Dihentikan, Penanganan Kasus Pelanggaran Pemilu dengan Tersangka Gubernur Papua
Penanganan kasus pelanggaran pemilu yang diduga dilakukan oleh Gubernur Papua Lukas Enembe dihentikan. Aparat mengaku telah kehabisan waktu.
Oleh
Fabio Maria Lopes Costa
·2 menit baca
JAYAPURA, KOMPAS — Sentra Penegakan Hukum Terpadu Provinsi Papua menghentikan kasus pelanggaran pemilu yang diduga dilakukan oleh Gubernur Lukas Enembe di Distrik Kanggime, Kabupaten Tolikara, pada 14 Mei 2017. Penyebabnya, penanganan kasus tersebut terhambat oleh waktu penyidikan yang singkat dan ketiadaan tanda tangan Lukas selaku tersangka di berita acara pemeriksaan.
Demikian hasil rapat tim Sentra Penegakan Hukum Terpadu (Gakkumdu) Provinsi Papua, di kantor Badan Pengawas Pemilu Papua, Jayapura, Kamis (13/7), yang disampaikan kepada awak media. Adapun anggota Sentra Gakkumdu meliputi Ketua Bawaslu Papua Fegie Wattimena, anggota Bawaslu Anugrah Patah dan Jacob Paisei, Direktur Reskrim Umum Polda Papua Kombes Hendrik Simanjuntak, serta Asisten Pidana Umum Kejati Papua Harli Siregar.
Fegie mengatakan, kasus yang dilaporkan oleh salah satu kandidat kepala daerah Tolikara, Amos Yikwa, kepada Sentra Gakkumdu sudah ditindaklanjuti sesuai dengan batasan waktu yang ada, yaitu lima hari kerja Bawaslu. Setelah itu, lanjutnya, Bawaslu melaporkan hasil temuannya untuk diproses oleh penyidik Polda Papua di Sentra Gakkumdu.

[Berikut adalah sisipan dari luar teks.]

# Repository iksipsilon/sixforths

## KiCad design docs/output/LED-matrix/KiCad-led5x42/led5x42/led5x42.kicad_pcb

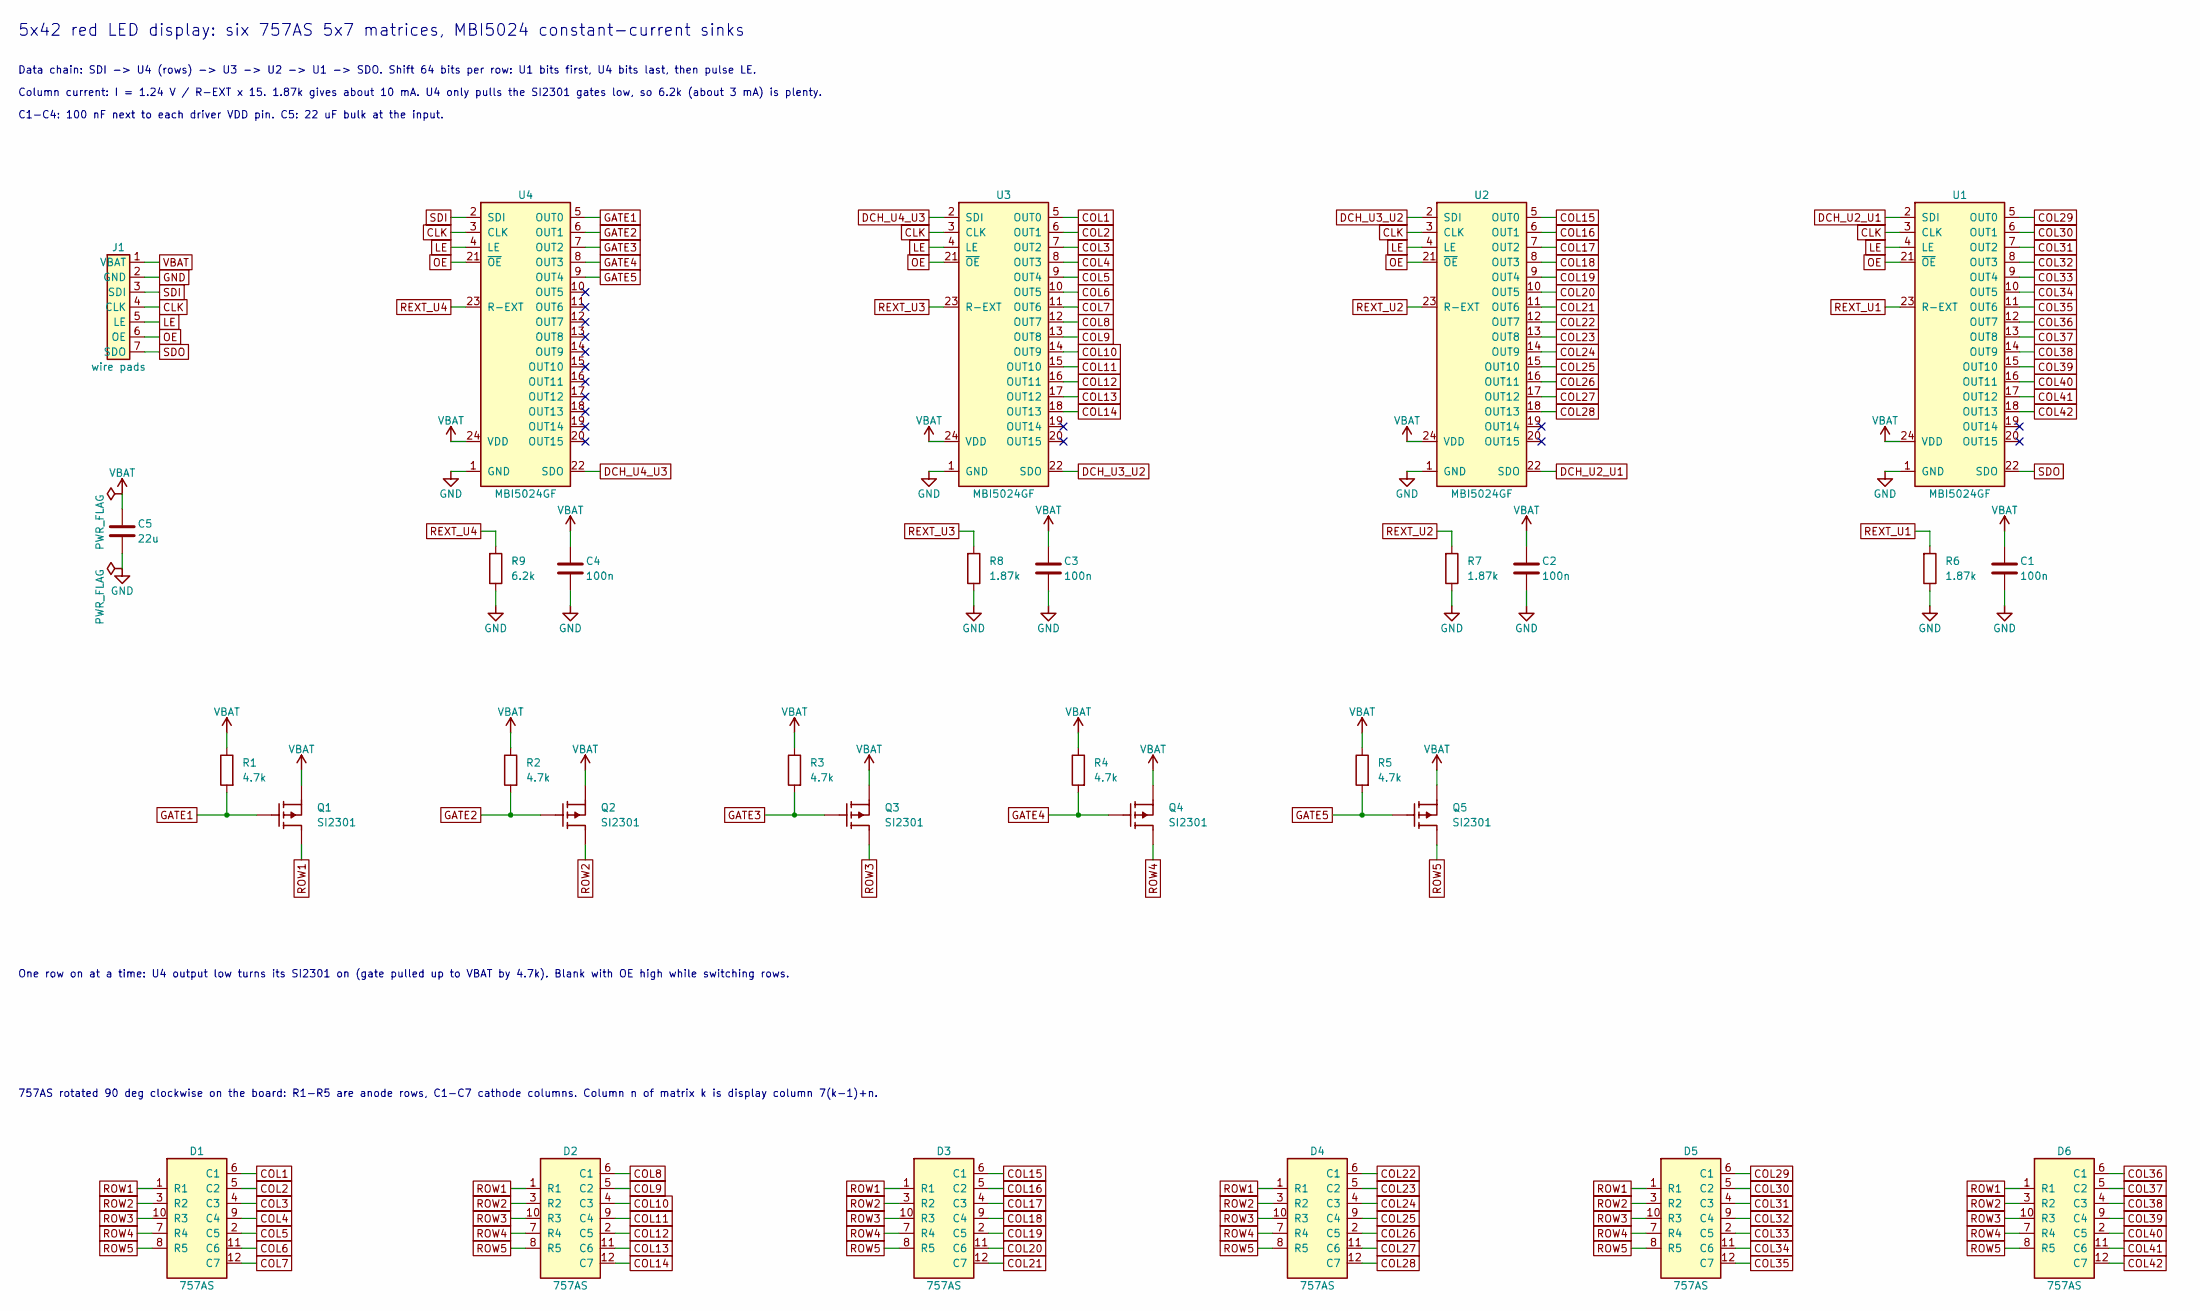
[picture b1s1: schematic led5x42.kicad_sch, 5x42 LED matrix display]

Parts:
C1, C2, C3, C4: 100n; C_0603
C5: 22u; C_0805
D1, D2, D3, D4, D5, D6: 757AS; 757AS_bent_castellated
J1: wire pads; WirePads_1x07_1.8mm
Q1, Q2, Q3, Q4, Q5: SI2301; SOT-23
R1, R2, R3, R4, R5: 4.7k; R_0603
R6, R7, R8: 1.87k; R_0603
R9: 6.2k; R_0603
U1, U2, U3, U4: MBI5024GF; SOP24_1.0mm_6.0x13.0mm

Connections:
CLK: J1.4 (CLK), U1.3 (CLK), U2.3 (CLK), U3.3 (CLK), U4.3 (CLK)
COL1: D1.6 (C1), U3.5 (OUT0)
COL2: D1.5 (C2), U3.6 (OUT1)
COL3: D1.4 (C3), U3.7 (OUT2)
COL4: D1.9 (C4), U3.8 (OUT3)
COL5: D1.2 (C5), U3.9 (OUT4)
COL6: D1.11 (C6), U3.10 (OUT5)
COL7: D1.12 (C7), U3.11 (OUT6)
COL8: D2.6 (C1), U3.12 (OUT7)
COL9: D2.5 (C2), U3.13 (OUT8)
COL10: D2.4 (C3), U3.14 (OUT9)
COL11: D2.9 (C4), U3.15 (OUT10)
COL12: D2.2 (C5), U3.16 (OUT11)
COL13: D2.11 (C6), U3.17 (OUT12)
COL14: D2.12 (C7), U3.18 (OUT13)
COL15: D3.6 (C1), U2.5 (OUT0)
COL16: D3.5 (C2), U2.6 (OUT1)
COL17: D3.4 (C3), U2.7 (OUT2)
COL18: D3.9 (C4), U2.8 (OUT3)
COL19: D3.2 (C5), U2.9 (OUT4)
COL20: D3.11 (C6), U2.10 (OUT5)
COL21: D3.12 (C7), U2.11 (OUT6)
COL22: D4.6 (C1), U2.12 (OUT7)
COL23: D4.5 (C2), U2.13 (OUT8)
COL24: D4.4 (C3), U2.14 (OUT9)
COL25: D4.9 (C4), U2.15 (OUT10)
COL26: D4.2 (C5), U2.16 (OUT11)
COL27: D4.11 (C6), U2.17 (OUT12)
COL28: D4.12 (C7), U2.18 (OUT13)
COL29: D5.6 (C1), U1.5 (OUT0)
COL30: D5.5 (C2), U1.6 (OUT1)
COL31: D5.4 (C3), U1.7 (OUT2)
COL32: D5.9 (C4), U1.8 (OUT3)
COL33: D5.2 (C5), U1.9 (OUT4)
COL34: D5.11 (C6), U1.10 (OUT5)
COL35: D5.12 (C7), U1.11 (OUT6)
COL36: D6.6 (C1), U1.12 (OUT7)
COL37: D6.5 (C2), U1.13 (OUT8)
COL38: D6.4 (C3), U1.14 (OUT9)
COL39: D6.9 (C4), U1.15 (OUT10)
COL40: D6.2 (C5), U1.16 (OUT11)
COL41: D6.11 (C6), U1.17 (OUT12)
COL42: D6.12 (C7), U1.18 (OUT13)
DCH_U2_U1: U1.2 (SDI), U2.22 (SDO)
DCH_U3_U2: U2.2 (SDI), U3.22 (SDO)
DCH_U4_U3: U3.2 (SDI), U4.22 (SDO)
GATE1: Q1.1 (G), R1.1, U4.5 (OUT0)
GATE2: Q2.1 (G), R2.1, U4.6 (OUT1)
GATE3: Q3.1 (G), R3.1, U4.7 (OUT2)
GATE4: Q4.1 (G), R4.1, U4.8 (OUT3)
GATE5: Q5.1 (G), R5.1, U4.9 (OUT4)
GND: C1.2, C2.2, C3.2, C4.2, C5.2, J1.2 (GND), R6.2, R7.2, R8.2, R9.2, U1.1 (GND), U2.1 (GND), U3.1 (GND), U4.1 (GND)
LE: J1.5 (LE), U1.4 (LE), U2.4 (LE), U3.4 (LE), U4.4 (LE)
OE: J1.6 (OE), U1.21 (~OE), U2.21 (~OE), U3.21 (~OE), U4.21 (~OE)
REXT_U1: R6.1, U1.23 (R-EXT)
REXT_U2: R7.1, U2.23 (R-EXT)
REXT_U3: R8.1, U3.23 (R-EXT)
REXT_U4: R9.1, U4.23 (R-EXT)
ROW1: D1.1 (R1), D2.1 (R1), D3.1 (R1), D4.1 (R1), D5.1 (R1), D6.1 (R1), Q1.3 (D)
ROW2: D1.3 (R2), D2.3 (R2), D3.3 (R2), D4.3 (R2), D5.3 (R2), D6.3 (R2), Q2.3 (D)
ROW3: D1.10 (R3), D2.10 (R3), D3.10 (R3), D4.10 (R3), D5.10 (R3), D6.10 (R3), Q3.3 (D)
ROW4: D1.7 (R4), D2.7 (R4), D3.7 (R4), D4.7 (R4), D5.7 (R4), D6.7 (R4), Q4.3 (D)
ROW5: D1.8 (R5), D2.8 (R5), D3.8 (R5), D4.8 (R5), D5.8 (R5), D6.8 (R5), Q5.3 (D)
SDI: J1.3 (SDI), U4.2 (SDI)
SDO: J1.7 (SDO), U1.22 (SDO)
VBAT: C1.1, C2.1, C3.1, C4.1, C5.1, J1.1 (VBAT), Q1.2 (S), Q2.2 (S), Q3.2 (S), Q4.2 (S), Q5.2 (S), R1.2, R2.2, R3.2, R4.2, R5.2, U1.24 (VDD), U2.24 (VDD), U3.24 (VDD), U4.24 (VDD)

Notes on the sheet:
5x42 red LED display: six 757AS 5x7 matrices, MBI5024 constant-current sinks
Data chain: SDI -> U4 (rows) -> U3 -> U2 -> U1 -> SDO. Shift 64 bits per row: U1 bits first, U4 bits last, then pulse LE.
Column current: I = 1.24 V / R-EXT x 15. 1.87k gives about 10 mA. U4 only pulls the SI2301 gates low, so 6.2k (about 3 mA) is plenty.
One row on at a time: U4 output low turns its SI2301 on (gate pulled up to VBAT by 4.7k). Blank with OE high while switching rows.
757AS rotated 90 deg clockwise on the board: R1-R5 are anode rows, C1-C7 cathode columns. Column n of matrix k is display column 7(k-1)+n.
C1-C4: 100 nF next to each driver VDD pin. C5: 22 uF bulk at the input.

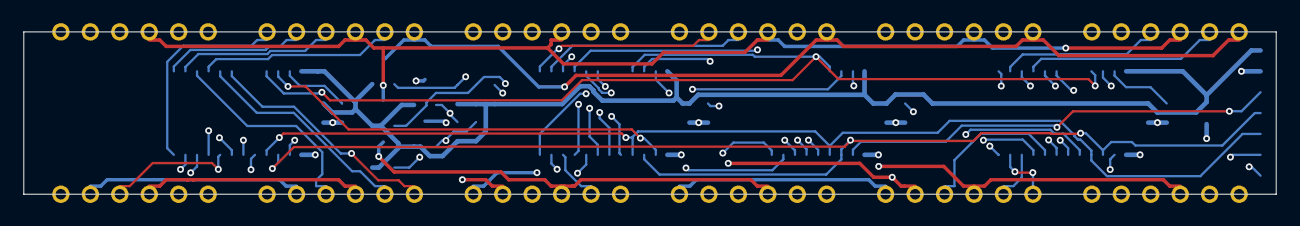
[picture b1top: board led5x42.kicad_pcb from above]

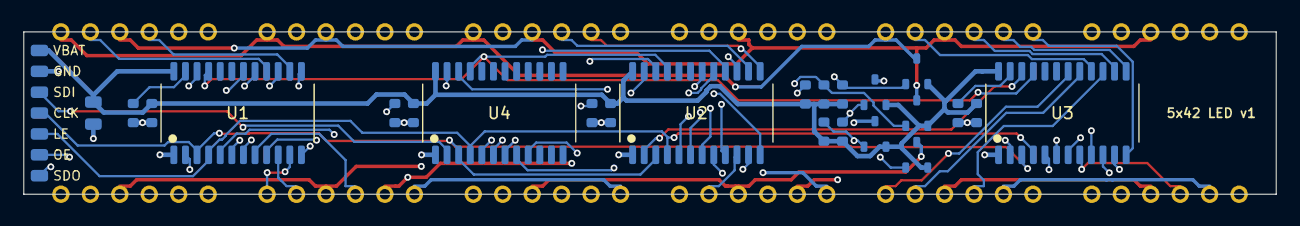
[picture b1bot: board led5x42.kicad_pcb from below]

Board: 4 copper layers, 108.0 x 14.0 mm, 30 parts (24 on the bottom side), 66 nets.

”Polisi menetapkan Lukas sebagai tersangka dan menyerahkan berkas perkaranya ke Kejati Papua. Namun, dari temuan jaksa, tidak terdapat tanda tangan Lukas di berita acara pemeriksaan (BAP). Penyidik Polda Papua terkendala oleh minimnya waktu hanya tiga hari kerja untuk melengkapi kekurangan tersebut,” ungkap Fegie.
Evaluasi peraturan
Ia menuturkan, tim Sentra Gakkumdu akan mengevaluasi kembali peraturan bersama terkait jangka waktu pemeriksaan berkas perkara pelanggaran pemilu yang hanya tiga hari. ”Kami akan mengevaluasi regulasi ini agar tidak mendapat kendala yang sama pada pilkada tahun depan,” kata Fegie.
Hendrik menyatakan, pihaknya sama sekali tidak bermaksud mencari kesalahan pejabat tertentu dalam kasus pelanggaran pemilu. ”Kami hanya melaksanakan tugas sesuai laporan dari pihak Bawaslu. Seluruh hasil penyelidikan hingga penyidikan sudah sesuai prosedur. Bahkan, dalam BAP, kami telah memasukkan keterangan alasan tidak adanya tanda tangan,” ucapnya.
Sementara itu, Harli selaku perwakilan dari Kejati Papua menegaskan, kasus Lukas Enembe tidak memenuhi persyaratan formal dan materiil. ”Dalam Pasal 75 Kitab Hukum Acara Pidana, seorang tersangka yang telah menjalani pemeriksaan oleh penyidik wajib membubuhkan tanda tangan di BAP,” kata Harli.
Ia mengungkapkan, pihak Kejati Papua telah mengembalikan berkas perkara Lukas sebanyak dua kali kepada penyidik Polda Papua agar melengkapi tanda tangan pada BAP. ”Seharusnya, dalam Undang-Undang Nomor 10 Tahun 2016, pengembalian berkas perkara hanya satu kali. Kami masih berupaya mengembalikan berkas itu hingga dua kali kepada mereka. Namun, mereka belum memasukkan berkas itu lagi hingga batas waktu tiga hari berakhir,” ungkapnya.